» **Given data**:
----

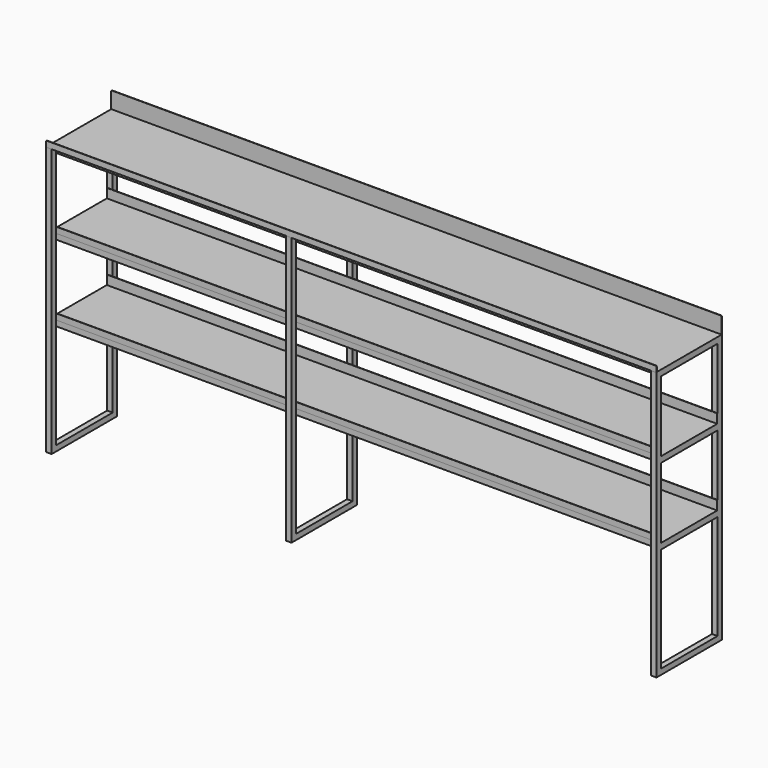
from build123d import *

# Parameters (mm, degrees)
F0_W      = 30
F0_H      = 30
F1_DEPTH  = 1460
F2_W      = 30
F2_H      = 30
F3_DEPTH  = 3320
F4_W      = 30
F4_H      = 30
F5_DEPTH  = 325
F6_W      = 3320
F6_H      = 445
F7_DEPTH  = 2
F8_W      = 3320
F8_H      = 2
F9_DEPTH  = 30
F10_DEPTH = 90
F11_W     = 3320
F11_H     = 385
F12_DEPTH = 2
F13_W     = 3320
F13_H     = 385
F14_DEPTH = 2
F15_W     = 3320
F15_H     = 2
F16_DEPTH = 30
F17_W     = 3320
F17_H     = 2
F18_DEPTH = 30
F19_R     = 5
F20_W     = 30
F20_H     = 30
F21_DEPTH = 385
F22_DEPTH = 50
F23_DEPTH = 50


with BuildPart() as f1:
    # F0 (on Top) → F1 (new body)
    with BuildSketch(Plane.XY):
        with Locations((15, -15)):
            Rectangle(F0_W, F0_H)
    extrude(amount=F1_DEPTH)



with BuildPart() as f1b:
    # F0 (on Top) → F1, piece 2 (new body)
    with BuildSketch(Plane.XY):
        with Locations((1320, -15)):
            Rectangle(F0_W, F0_H)
    extrude(amount=F1_DEPTH)


with BuildPart() as f1c:
    # F0 (on Top) → F1, piece 3 (new body)
    with BuildSketch(Plane.XY):
        with Locations((3305, -15)):
            Rectangle(F0_W, F0_H)
    extrude(amount=F1_DEPTH)


with BuildPart() as f1d:
    # F0 (on Top) → F1, piece 4 (new body)
    with BuildSketch(Plane.XY):
        with Locations((15, -430)):
            Rectangle(F0_W, F0_H)
    extrude(amount=F1_DEPTH)



with BuildPart() as f1e:
    # F0 (on Top) → F1, piece 5 (new body)
    with BuildSketch(Plane.XY):
        with Locations((1320, -430)):
            Rectangle(F0_W, F0_H)
    extrude(amount=F1_DEPTH)


with BuildPart() as f1f:
    # F0 (on Top) → F1, piece 6 (new body)
    with BuildSketch(Plane.XY):
        with Locations((3305, -430)):
            Rectangle(F0_W, F0_H)
    extrude(amount=F1_DEPTH)


with BuildPart() as f1_1:
    add(f1.part)

    add(f1b.part)  # F3 merges F1b

    add(f1c.part)  # F3 merges F1c
    # F2 (on face) → F3 (join)
    with BuildSketch(Plane(origin=(0, 0, 0), x_dir=(0, -1, 0), z_dir=(-1, 0, 0))):
        with Locations((45, 1445)):
            Rectangle(F2_W, F2_H)
        with Locations((45, 1030)):
            Rectangle(F2_W, F2_H)
        with Locations((45, 615)):
            Rectangle(F2_W, F2_H)
    extrude(amount=-F3_DEPTH)



with BuildPart() as f1d_1:
    add(f1d.part)

    add(f1e.part)  # F3#2 merges F1e

    add(f1f.part)  # F3#2 merges F1f
    # F2 (on face) → F3, piece 2 (join)
    with BuildSketch(Plane(origin=(0, 0, 0), x_dir=(0, -1, 0), z_dir=(-1, 0, 0))):
        with Locations((400, 1445)):
            Rectangle(F2_W, F2_H)
        with Locations((400, 1030)):
            Rectangle(F2_W, F2_H)
        with Locations((400, 615)):
            Rectangle(F2_W, F2_H)
    extrude(amount=-F3_DEPTH)


with BuildPart() as f1_2:
    add(f1_1.part)

    add(f1d_1.part)  # F5 merges F1d
    # F4 (on face) → F5 (join, through all)
    with BuildSketch(Plane.XZ.offset(60)):
        with Locations((15, 1445)):
            Rectangle(F4_W, F4_H)
        with Locations((1320, 1445)):
            Rectangle(F4_W, F4_H)
        with Locations((3305, 1445)):
            Rectangle(F4_W, F4_H)
        with Locations((15, 1030)):
            Rectangle(F4_W, F4_H)
        with Locations((3305, 1030)):
            Rectangle(F4_W, F4_H)
        with Locations((1320, 1030)):
            Rectangle(F4_W, F4_H)
        with Locations((15, 615)):
            Rectangle(F4_W, F4_H)
        with Locations((3305, 615)):
            Rectangle(F4_W, F4_H)
        with Locations((1320, 615)):
            Rectangle(F4_W, F4_H)
    extrude(amount=F5_DEPTH)

    # F20 (on face) → F21 (join, through all)
    with BuildSketch(Plane.XZ.offset(30)):
        with Locations((15, 15)):
            Rectangle(F20_W, F20_H)
        with Locations((1320, 15)):
            Rectangle(F20_W, F20_H)
        with Locations((3305, 15)):
            Rectangle(F20_W, F20_H)
    extrude(amount=F21_DEPTH)


with BuildPart() as f7:
    # F6 (on face) → F7 (new body)
    with BuildSketch(Plane.XY.offset(1460)):
        with Locations((1660, -222.5)):
            Rectangle(F6_W, F6_H)
    extrude(amount=F7_DEPTH)

    # F8 (on face) → F9 (join)
    with BuildSketch(Plane.XY.offset(1462)):
        with Locations((1660, -444)):
            Rectangle(F8_W, F8_H)
    extrude(amount=F9_DEPTH)

    # F8 (on face) → F10 (join)
    with BuildSketch(Plane.XY.offset(1462)):
        with Locations((1660, -1)):
            Rectangle(F8_W, F8_H)
    extrude(amount=F10_DEPTH)

    # F19
    f19_edges = [f7.edges().sort_by_distance(p)[0] for p in [
        (0, -444, 1492),
        (3320, -444, 1492),
        (3320, -1, 1552),
        (0, -1, 1552),
    ]]
    fillet(f19_edges, radius=F19_R)


with BuildPart() as f12:
    # F11 (on face) → F12 (new body)
    with BuildSketch(Plane.XY.offset(1045)):
        with Locations((1660, -222.5)):
            Rectangle(F11_W, F11_H)
    extrude(amount=F12_DEPTH)

    # F15 (on face) → F16 (join)
    with BuildSketch(Plane.XY.offset(1047)):
        with Locations((1660, -414)):
            Rectangle(F15_W, F15_H)
    extrude(amount=F16_DEPTH)

    # F15 (on face) → F22 (join)
    with BuildSketch(Plane.XY.offset(1047)):
        with Locations((1660, -31)):
            Rectangle(F15_W, F15_H)
    extrude(amount=F22_DEPTH)


with BuildPart() as f14:
    # F13 (on face) → F14 (new body)
    with BuildSketch(Plane.XY.offset(630)):
        with Locations((1660, -222.5)):
            Rectangle(F13_W, F13_H)
    extrude(amount=F14_DEPTH)

    # F17 (on face) → F18 (join)
    with BuildSketch(Plane.XY.offset(632)):
        with Locations((1660, -414)):
            Rectangle(F17_W, F17_H)
    extrude(amount=F18_DEPTH)

    # F17 (on face) → F23 (join)
    with BuildSketch(Plane.XY.offset(632)):
        with Locations((1660, -31)):
            Rectangle(F17_W, F17_H)
    extrude(amount=F23_DEPTH)


solid = Compound([f1_2.part, f7.part, f12.part, f14.part])

----

» **Work item**: Provide a precise transcription of the listing, excluding each picture.

» **Answer to this problem**:
from build123d import *

# Parameters (mm, degrees)
F0_W      = 30
F0_H      = 30
F1_DEPTH  = 1460
F2_W      = 30
F2_H      = 30
F3_DEPTH  = 3320
F4_W      = 30
F4_H      = 30
F5_DEPTH  = 325
F6_W      = 3320
F6_H      = 445
F7_DEPTH  = 2
F8_W      = 3320
F8_H      = 2
F9_DEPTH  = 30
F10_DEPTH = 90
F11_W     = 3320
F11_H     = 385
F12_DEPTH = 2
F13_W     = 3320
F13_H     = 385
F14_DEPTH = 2
F15_W     = 3320
F15_H     = 2
F16_DEPTH = 30
F17_W     = 3320
F17_H     = 2
F18_DEPTH = 30
F19_R     = 5
F20_W     = 30
F20_H     = 30
F21_DEPTH = 385
F22_DEPTH = 50
F23_DEPTH = 50


with BuildPart() as f1:
    # F0 (on Top) → F1 (new body)
    with BuildSketch(Plane.XY):
        with Locations((15, -15)):
            Rectangle(F0_W, F0_H)
    extrude(amount=F1_DEPTH)



with BuildPart() as f1b:
    # F0 (on Top) → F1, piece 2 (new body)
    with BuildSketch(Plane.XY):
        with Locations((1320, -15)):
            Rectangle(F0_W, F0_H)
    extrude(amount=F1_DEPTH)


with BuildPart() as f1c:
    # F0 (on Top) → F1, piece 3 (new body)
    with BuildSketch(Plane.XY):
        with Locations((3305, -15)):
            Rectangle(F0_W, F0_H)
    extrude(amount=F1_DEPTH)


with BuildPart() as f1d:
    # F0 (on Top) → F1, piece 4 (new body)
    with BuildSketch(Plane.XY):
        with Locations((15, -430)):
            Rectangle(F0_W, F0_H)
    extrude(amount=F1_DEPTH)



with BuildPart() as f1e:
    # F0 (on Top) → F1, piece 5 (new body)
    with BuildSketch(Plane.XY):
        with Locations((1320, -430)):
            Rectangle(F0_W, F0_H)
    extrude(amount=F1_DEPTH)


with BuildPart() as f1f:
    # F0 (on Top) → F1, piece 6 (new body)
    with BuildSketch(Plane.XY):
        with Locations((3305, -430)):
            Rectangle(F0_W, F0_H)
    extrude(amount=F1_DEPTH)


with BuildPart() as f1_1:
    add(f1.part)

    add(f1b.part)  # F3 merges F1b

    add(f1c.part)  # F3 merges F1c
    # F2 (on face) → F3 (join)
    with BuildSketch(Plane(origin=(0, 0, 0), x_dir=(0, -1, 0), z_dir=(-1, 0, 0))):
        with Locations((45, 1445)):
            Rectangle(F2_W, F2_H)
        with Locations((45, 1030)):
            Rectangle(F2_W, F2_H)
        with Locations((45, 615)):
            Rectangle(F2_W, F2_H)
    extrude(amount=-F3_DEPTH)



with BuildPart() as f1d_1:
    add(f1d.part)

    add(f1e.part)  # F3#2 merges F1e

    add(f1f.part)  # F3#2 merges F1f
    # F2 (on face) → F3, piece 2 (join)
    with BuildSketch(Plane(origin=(0, 0, 0), x_dir=(0, -1, 0), z_dir=(-1, 0, 0))):
        with Locations((400, 1445)):
            Rectangle(F2_W, F2_H)
        with Locations((400, 1030)):
            Rectangle(F2_W, F2_H)
        with Locations((400, 615)):
            Rectangle(F2_W, F2_H)
    extrude(amount=-F3_DEPTH)


with BuildPart() as f1_2:
    add(f1_1.part)

    add(f1d_1.part)  # F5 merges F1d
    # F4 (on face) → F5 (join, through all)
    with BuildSketch(Plane.XZ.offset(60)):
        with Locations((15, 1445)):
            Rectangle(F4_W, F4_H)
        with Locations((1320, 1445)):
            Rectangle(F4_W, F4_H)
        with Locations((3305, 1445)):
            Rectangle(F4_W, F4_H)
        with Locations((15, 1030)):
            Rectangle(F4_W, F4_H)
        with Locations((3305, 1030)):
            Rectangle(F4_W, F4_H)
        with Locations((1320, 1030)):
            Rectangle(F4_W, F4_H)
        with Locations((15, 615)):
            Rectangle(F4_W, F4_H)
        with Locations((3305, 615)):
            Rectangle(F4_W, F4_H)
        with Locations((1320, 615)):
            Rectangle(F4_W, F4_H)
    extrude(amount=F5_DEPTH)

    # F20 (on face) → F21 (join, through all)
    with BuildSketch(Plane.XZ.offset(30)):
        with Locations((15, 15)):
            Rectangle(F20_W, F20_H)
        with Locations((1320, 15)):
            Rectangle(F20_W, F20_H)
        with Locations((3305, 15)):
            Rectangle(F20_W, F20_H)
    extrude(amount=F21_DEPTH)


with BuildPart() as f7:
    # F6 (on face) → F7 (new body)
    with BuildSketch(Plane.XY.offset(1460)):
        with Locations((1660, -222.5)):
            Rectangle(F6_W, F6_H)
    extrude(amount=F7_DEPTH)

    # F8 (on face) → F9 (join)
    with BuildSketch(Plane.XY.offset(1462)):
        with Locations((1660, -444)):
            Rectangle(F8_W, F8_H)
    extrude(amount=F9_DEPTH)

    # F8 (on face) → F10 (join)
    with BuildSketch(Plane.XY.offset(1462)):
        with Locations((1660, -1)):
            Rectangle(F8_W, F8_H)
    extrude(amount=F10_DEPTH)

    # F19
    f19_edges = [f7.edges().sort_by_distance(p)[0] for p in [
        (0, -444, 1492),
        (3320, -444, 1492),
        (3320, -1, 1552),
        (0, -1, 1552),
    ]]
    fillet(f19_edges, radius=F19_R)


with BuildPart() as f12:
    # F11 (on face) → F12 (new body)
    with BuildSketch(Plane.XY.offset(1045)):
        with Locations((1660, -222.5)):
            Rectangle(F11_W, F11_H)
    extrude(amount=F12_DEPTH)

    # F15 (on face) → F16 (join)
    with BuildSketch(Plane.XY.offset(1047)):
        with Locations((1660, -414)):
            Rectangle(F15_W, F15_H)
    extrude(amount=F16_DEPTH)

    # F15 (on face) → F22 (join)
    with BuildSketch(Plane.XY.offset(1047)):
        with Locations((1660, -31)):
            Rectangle(F15_W, F15_H)
    extrude(amount=F22_DEPTH)


with BuildPart() as f14:
    # F13 (on face) → F14 (new body)
    with BuildSketch(Plane.XY.offset(630)):
        with Locations((1660, -222.5)):
            Rectangle(F13_W, F13_H)
    extrude(amount=F14_DEPTH)

    # F17 (on face) → F18 (join)
    with BuildSketch(Plane.XY.offset(632)):
        with Locations((1660, -414)):
            Rectangle(F17_W, F17_H)
    extrude(amount=F18_DEPTH)

    # F17 (on face) → F23 (join)
    with BuildSketch(Plane.XY.offset(632)):
        with Locations((1660, -31)):
            Rectangle(F17_W, F17_H)
    extrude(amount=F23_DEPTH)


solid = Compound([f1_2.part, f7.part, f12.part, f14.part])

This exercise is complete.